** Opening Extracted entries block **

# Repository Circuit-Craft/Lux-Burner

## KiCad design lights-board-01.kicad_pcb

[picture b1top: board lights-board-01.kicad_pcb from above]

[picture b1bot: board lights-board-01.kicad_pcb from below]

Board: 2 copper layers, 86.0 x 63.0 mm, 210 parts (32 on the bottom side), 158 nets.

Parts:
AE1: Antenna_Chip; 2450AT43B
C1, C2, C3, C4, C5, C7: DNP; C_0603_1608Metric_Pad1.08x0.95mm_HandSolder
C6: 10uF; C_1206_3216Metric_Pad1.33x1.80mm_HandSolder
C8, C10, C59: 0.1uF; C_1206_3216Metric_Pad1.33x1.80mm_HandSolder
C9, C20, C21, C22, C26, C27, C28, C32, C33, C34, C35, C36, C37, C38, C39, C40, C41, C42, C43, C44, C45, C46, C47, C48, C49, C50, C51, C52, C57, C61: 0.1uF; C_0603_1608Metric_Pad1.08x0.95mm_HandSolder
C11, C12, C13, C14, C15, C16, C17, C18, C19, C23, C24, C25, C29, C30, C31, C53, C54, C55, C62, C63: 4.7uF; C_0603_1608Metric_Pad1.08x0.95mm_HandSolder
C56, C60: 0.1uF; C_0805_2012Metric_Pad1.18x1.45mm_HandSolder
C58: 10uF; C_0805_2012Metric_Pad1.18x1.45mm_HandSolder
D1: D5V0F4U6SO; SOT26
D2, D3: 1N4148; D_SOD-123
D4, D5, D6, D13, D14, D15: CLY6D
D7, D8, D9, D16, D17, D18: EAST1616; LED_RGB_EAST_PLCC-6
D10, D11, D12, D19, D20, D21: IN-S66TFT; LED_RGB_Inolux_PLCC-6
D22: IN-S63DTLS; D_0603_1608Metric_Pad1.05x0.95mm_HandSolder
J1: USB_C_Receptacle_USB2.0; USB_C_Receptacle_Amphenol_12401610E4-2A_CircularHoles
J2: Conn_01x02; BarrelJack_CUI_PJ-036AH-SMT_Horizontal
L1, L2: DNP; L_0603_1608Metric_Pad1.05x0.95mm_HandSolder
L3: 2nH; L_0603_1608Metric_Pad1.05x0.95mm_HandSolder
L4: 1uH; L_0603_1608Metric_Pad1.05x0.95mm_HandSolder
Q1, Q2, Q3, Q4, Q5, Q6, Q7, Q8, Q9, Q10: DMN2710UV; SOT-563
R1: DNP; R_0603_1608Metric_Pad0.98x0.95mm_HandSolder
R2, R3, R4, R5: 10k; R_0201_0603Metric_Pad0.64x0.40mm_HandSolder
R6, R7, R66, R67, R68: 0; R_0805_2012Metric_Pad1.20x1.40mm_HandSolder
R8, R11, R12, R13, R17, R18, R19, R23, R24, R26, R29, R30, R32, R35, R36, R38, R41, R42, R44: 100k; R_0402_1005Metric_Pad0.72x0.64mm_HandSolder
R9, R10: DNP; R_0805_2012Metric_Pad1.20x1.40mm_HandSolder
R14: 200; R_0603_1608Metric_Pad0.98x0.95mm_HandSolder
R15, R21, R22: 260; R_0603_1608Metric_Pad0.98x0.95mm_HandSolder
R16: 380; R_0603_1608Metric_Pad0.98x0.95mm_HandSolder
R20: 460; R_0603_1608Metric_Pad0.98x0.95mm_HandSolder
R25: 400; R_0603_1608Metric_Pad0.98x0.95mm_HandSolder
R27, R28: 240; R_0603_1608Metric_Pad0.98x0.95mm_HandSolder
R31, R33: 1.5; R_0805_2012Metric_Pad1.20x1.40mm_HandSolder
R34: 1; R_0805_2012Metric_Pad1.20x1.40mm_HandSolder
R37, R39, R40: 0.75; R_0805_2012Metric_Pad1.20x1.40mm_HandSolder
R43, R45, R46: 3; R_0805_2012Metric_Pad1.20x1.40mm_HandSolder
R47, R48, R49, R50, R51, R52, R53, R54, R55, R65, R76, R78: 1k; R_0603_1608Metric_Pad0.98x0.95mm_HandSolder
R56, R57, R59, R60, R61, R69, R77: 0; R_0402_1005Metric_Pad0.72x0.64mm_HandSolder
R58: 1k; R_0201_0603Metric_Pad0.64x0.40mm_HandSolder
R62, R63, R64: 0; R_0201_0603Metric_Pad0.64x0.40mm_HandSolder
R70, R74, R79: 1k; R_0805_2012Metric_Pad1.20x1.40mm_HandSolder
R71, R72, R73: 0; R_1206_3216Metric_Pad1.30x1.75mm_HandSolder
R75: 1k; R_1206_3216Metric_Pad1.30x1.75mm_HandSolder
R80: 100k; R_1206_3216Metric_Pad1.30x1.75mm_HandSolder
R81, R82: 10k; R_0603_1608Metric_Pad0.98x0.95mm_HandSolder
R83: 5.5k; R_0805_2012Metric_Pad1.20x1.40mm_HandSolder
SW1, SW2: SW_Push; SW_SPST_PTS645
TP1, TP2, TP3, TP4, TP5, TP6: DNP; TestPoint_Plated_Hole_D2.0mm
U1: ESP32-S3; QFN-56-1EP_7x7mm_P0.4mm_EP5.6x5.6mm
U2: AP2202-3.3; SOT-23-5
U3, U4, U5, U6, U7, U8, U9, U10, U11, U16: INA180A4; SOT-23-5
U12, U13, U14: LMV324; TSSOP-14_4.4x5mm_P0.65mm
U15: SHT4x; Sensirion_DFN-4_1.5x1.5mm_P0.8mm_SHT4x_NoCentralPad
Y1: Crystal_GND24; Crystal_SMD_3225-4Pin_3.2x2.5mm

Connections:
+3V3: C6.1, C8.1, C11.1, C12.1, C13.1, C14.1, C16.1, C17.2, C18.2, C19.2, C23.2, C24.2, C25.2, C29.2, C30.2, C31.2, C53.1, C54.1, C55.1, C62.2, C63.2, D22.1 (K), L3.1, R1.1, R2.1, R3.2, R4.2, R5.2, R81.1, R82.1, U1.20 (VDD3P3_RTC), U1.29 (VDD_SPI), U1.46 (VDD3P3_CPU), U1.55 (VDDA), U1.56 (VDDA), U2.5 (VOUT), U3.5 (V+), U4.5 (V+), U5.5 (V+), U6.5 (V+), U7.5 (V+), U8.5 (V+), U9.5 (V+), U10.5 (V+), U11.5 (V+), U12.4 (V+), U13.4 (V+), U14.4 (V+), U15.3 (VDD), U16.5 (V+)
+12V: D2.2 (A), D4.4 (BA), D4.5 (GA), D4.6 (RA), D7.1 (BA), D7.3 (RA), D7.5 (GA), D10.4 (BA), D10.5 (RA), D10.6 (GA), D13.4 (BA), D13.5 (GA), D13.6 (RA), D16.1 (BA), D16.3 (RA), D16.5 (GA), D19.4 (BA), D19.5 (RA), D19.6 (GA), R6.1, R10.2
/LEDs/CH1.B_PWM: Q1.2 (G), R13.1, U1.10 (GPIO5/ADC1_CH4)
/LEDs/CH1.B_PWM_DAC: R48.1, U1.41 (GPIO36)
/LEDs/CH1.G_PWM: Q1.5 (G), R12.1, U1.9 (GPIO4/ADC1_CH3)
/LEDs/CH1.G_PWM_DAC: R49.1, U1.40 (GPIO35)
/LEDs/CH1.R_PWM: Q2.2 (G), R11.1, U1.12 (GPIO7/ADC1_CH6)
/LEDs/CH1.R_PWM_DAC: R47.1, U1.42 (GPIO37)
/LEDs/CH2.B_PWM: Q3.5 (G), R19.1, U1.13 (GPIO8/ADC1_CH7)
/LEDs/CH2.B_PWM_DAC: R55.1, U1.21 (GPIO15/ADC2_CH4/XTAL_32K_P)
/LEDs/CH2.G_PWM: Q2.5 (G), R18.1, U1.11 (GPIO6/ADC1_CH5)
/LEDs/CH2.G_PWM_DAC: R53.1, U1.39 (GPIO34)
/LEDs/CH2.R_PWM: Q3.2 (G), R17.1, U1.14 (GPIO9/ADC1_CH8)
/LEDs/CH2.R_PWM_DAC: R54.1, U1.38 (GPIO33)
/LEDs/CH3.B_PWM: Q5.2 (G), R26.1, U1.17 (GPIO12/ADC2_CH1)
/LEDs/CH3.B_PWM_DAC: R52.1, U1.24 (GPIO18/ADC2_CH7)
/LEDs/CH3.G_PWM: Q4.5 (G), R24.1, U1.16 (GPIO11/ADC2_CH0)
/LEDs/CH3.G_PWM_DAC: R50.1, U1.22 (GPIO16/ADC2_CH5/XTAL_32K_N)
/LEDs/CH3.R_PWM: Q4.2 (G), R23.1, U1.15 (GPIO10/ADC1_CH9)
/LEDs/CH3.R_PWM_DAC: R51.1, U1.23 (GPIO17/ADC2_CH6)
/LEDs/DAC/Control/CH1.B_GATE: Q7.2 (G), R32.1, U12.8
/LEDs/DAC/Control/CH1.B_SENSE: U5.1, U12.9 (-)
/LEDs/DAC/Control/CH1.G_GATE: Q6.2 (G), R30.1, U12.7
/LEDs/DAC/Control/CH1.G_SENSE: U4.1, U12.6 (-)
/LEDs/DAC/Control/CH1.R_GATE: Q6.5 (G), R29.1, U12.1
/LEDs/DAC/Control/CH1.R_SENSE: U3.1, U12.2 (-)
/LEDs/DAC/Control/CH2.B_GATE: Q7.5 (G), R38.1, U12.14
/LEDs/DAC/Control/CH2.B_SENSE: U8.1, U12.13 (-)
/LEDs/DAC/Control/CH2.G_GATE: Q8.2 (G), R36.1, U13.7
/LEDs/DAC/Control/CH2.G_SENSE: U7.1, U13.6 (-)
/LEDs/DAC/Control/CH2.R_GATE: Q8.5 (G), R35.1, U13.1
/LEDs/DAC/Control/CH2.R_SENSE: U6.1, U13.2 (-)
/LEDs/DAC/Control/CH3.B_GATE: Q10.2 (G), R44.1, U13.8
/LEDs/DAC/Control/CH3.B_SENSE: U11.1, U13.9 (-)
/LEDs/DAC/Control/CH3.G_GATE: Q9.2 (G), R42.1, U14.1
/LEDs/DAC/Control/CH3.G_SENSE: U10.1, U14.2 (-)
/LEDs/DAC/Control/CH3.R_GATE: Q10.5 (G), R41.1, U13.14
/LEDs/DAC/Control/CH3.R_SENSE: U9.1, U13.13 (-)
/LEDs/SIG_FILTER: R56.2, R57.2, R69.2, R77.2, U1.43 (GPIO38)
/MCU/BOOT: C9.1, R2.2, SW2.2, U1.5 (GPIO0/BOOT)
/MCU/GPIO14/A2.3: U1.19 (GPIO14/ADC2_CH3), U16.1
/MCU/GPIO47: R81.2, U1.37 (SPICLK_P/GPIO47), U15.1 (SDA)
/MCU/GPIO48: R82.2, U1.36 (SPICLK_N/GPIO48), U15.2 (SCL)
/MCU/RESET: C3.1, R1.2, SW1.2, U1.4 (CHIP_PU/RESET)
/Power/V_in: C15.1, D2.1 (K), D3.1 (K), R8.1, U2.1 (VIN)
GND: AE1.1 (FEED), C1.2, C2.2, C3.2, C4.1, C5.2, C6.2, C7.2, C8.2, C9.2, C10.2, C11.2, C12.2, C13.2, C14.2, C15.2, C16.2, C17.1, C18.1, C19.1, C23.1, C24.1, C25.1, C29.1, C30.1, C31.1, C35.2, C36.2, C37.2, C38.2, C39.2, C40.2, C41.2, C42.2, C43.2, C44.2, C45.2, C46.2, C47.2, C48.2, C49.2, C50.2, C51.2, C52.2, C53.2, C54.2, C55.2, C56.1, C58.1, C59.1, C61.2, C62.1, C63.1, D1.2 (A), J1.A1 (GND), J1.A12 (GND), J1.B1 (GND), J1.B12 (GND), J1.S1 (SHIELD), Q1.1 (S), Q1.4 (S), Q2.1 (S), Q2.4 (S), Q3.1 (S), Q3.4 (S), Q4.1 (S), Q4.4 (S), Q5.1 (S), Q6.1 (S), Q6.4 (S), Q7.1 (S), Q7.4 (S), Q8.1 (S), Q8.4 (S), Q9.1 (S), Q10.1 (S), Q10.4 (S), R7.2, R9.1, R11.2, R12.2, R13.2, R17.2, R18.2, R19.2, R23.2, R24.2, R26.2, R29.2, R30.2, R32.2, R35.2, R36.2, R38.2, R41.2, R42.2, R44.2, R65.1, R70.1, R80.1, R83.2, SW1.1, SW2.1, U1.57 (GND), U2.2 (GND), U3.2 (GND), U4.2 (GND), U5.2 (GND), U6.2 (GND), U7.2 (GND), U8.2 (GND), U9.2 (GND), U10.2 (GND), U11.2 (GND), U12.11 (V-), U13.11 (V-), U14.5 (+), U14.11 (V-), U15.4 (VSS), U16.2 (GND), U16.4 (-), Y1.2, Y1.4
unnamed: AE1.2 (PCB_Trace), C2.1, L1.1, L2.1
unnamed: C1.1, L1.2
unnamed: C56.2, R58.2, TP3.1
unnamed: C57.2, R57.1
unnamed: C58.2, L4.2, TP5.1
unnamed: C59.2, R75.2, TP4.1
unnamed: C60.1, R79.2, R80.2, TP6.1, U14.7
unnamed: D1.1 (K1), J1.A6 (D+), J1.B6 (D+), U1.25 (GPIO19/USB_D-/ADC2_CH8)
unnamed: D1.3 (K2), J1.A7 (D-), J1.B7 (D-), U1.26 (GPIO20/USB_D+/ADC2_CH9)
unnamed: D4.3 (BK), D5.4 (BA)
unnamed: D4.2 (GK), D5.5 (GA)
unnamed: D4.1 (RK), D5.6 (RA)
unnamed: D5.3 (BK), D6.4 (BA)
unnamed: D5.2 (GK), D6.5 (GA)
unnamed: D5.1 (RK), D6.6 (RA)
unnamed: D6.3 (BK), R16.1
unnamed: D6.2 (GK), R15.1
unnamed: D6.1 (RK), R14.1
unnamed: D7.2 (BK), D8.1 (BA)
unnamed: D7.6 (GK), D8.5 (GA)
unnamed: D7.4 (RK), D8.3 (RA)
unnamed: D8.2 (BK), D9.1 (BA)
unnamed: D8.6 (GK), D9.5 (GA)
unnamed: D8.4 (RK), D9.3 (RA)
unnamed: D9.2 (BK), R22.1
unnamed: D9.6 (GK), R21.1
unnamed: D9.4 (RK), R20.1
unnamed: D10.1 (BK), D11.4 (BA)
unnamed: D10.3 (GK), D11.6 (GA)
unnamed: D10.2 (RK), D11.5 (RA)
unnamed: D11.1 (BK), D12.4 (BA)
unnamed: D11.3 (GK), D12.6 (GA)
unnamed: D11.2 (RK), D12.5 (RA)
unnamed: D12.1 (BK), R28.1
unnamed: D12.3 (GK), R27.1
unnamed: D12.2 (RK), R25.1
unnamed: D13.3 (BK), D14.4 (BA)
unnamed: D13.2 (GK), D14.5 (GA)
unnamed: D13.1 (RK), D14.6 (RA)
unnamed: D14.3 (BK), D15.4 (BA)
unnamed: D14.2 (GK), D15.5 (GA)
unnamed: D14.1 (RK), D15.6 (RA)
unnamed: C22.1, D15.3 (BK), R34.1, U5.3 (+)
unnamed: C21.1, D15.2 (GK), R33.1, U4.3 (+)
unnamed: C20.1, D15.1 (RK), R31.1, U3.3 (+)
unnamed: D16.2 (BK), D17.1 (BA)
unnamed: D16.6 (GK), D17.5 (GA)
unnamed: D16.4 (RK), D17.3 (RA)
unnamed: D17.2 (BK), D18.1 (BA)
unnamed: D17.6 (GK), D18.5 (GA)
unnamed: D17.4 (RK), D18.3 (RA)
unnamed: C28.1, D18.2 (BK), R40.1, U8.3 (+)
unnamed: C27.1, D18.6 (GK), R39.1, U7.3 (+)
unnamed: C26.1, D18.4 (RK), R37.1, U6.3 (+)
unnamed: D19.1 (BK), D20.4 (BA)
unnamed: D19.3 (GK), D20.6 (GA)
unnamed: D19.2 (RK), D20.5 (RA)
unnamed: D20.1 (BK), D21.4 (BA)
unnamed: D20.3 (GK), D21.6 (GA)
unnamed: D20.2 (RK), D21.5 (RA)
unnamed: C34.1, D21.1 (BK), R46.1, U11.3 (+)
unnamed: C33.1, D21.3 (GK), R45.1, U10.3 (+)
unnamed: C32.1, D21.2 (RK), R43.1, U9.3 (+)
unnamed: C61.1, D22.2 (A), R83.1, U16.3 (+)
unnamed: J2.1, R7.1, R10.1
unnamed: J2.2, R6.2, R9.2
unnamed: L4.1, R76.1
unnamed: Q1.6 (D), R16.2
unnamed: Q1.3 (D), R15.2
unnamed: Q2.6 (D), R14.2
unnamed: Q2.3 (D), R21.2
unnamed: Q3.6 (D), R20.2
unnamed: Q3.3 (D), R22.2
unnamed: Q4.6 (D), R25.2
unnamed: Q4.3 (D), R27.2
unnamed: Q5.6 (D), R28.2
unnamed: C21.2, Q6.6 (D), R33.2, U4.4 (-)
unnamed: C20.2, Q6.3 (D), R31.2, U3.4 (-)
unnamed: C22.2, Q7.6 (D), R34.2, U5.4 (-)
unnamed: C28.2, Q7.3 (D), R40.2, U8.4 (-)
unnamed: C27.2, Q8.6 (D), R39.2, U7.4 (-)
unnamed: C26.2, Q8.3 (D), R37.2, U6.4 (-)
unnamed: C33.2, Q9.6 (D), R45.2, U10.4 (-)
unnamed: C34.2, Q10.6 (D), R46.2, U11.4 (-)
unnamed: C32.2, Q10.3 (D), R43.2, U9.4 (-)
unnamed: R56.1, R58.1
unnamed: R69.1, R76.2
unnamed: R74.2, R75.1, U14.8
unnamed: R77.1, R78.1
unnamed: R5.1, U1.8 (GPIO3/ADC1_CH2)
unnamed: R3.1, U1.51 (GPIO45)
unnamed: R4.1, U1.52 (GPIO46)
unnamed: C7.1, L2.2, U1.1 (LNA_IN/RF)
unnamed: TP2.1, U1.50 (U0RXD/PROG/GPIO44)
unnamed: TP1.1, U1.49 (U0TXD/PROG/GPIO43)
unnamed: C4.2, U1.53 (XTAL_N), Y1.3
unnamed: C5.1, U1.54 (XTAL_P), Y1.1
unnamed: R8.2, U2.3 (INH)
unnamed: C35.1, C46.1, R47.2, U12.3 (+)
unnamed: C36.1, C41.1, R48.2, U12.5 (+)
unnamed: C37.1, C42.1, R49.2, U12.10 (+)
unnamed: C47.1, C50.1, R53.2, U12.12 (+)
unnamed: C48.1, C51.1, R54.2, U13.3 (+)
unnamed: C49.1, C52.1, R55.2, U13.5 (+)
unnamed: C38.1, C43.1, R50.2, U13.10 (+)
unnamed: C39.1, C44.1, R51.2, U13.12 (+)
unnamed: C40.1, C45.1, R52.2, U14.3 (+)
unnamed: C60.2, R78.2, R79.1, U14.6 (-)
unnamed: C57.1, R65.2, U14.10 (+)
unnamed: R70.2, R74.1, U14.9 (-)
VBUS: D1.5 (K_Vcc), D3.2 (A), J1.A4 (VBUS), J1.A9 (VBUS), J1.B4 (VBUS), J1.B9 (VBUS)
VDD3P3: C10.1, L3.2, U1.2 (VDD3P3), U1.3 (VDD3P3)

** Closing Extracted entries block **

> _What this task involves_
Could you print the lines of the records above from the one containing "unnamed: C32.2, Q10.3 (D), R43.2, U9.4 (-)" through the last, exactly and with no additions?

> _Reply_
unnamed: C32.2, Q10.3 (D), R43.2, U9.4 (-)
unnamed: R56.1, R58.1
unnamed: R69.1, R76.2
unnamed: R74.2, R75.1, U14.8
unnamed: R77.1, R78.1
unnamed: R5.1, U1.8 (GPIO3/ADC1_CH2)
unnamed: R3.1, U1.51 (GPIO45)
unnamed: R4.1, U1.52 (GPIO46)
unnamed: C7.1, L2.2, U1.1 (LNA_IN/RF)
unnamed: TP2.1, U1.50 (U0RXD/PROG/GPIO44)
unnamed: TP1.1, U1.49 (U0TXD/PROG/GPIO43)
unnamed: C4.2, U1.53 (XTAL_N), Y1.3
unnamed: C5.1, U1.54 (XTAL_P), Y1.1
unnamed: R8.2, U2.3 (INH)
unnamed: C35.1, C46.1, R47.2, U12.3 (+)
unnamed: C36.1, C41.1, R48.2, U12.5 (+)
unnamed: C37.1, C42.1, R49.2, U12.10 (+)
unnamed: C47.1, C50.1, R53.2, U12.12 (+)
unnamed: C48.1, C51.1, R54.2, U13.3 (+)
unnamed: C49.1, C52.1, R55.2, U13.5 (+)
unnamed: C38.1, C43.1, R50.2, U13.10 (+)
unnamed: C39.1, C44.1, R51.2, U13.12 (+)
unnamed: C40.1, C45.1, R52.2, U14.3 (+)
unnamed: C60.2, R78.2, R79.1, U14.6 (-)
unnamed: C57.1, R65.2, U14.10 (+)
unnamed: R70.2, R74.1, U14.9 (-)
VBUS: D1.5 (K_Vcc), D3.2 (A), J1.A4 (VBUS), J1.A9 (VBUS), J1.B4 (VBUS), J1.B9 (VBUS)
VDD3P3: C10.1, L3.2, U1.2 (VDD3P3), U1.3 (VDD3P3)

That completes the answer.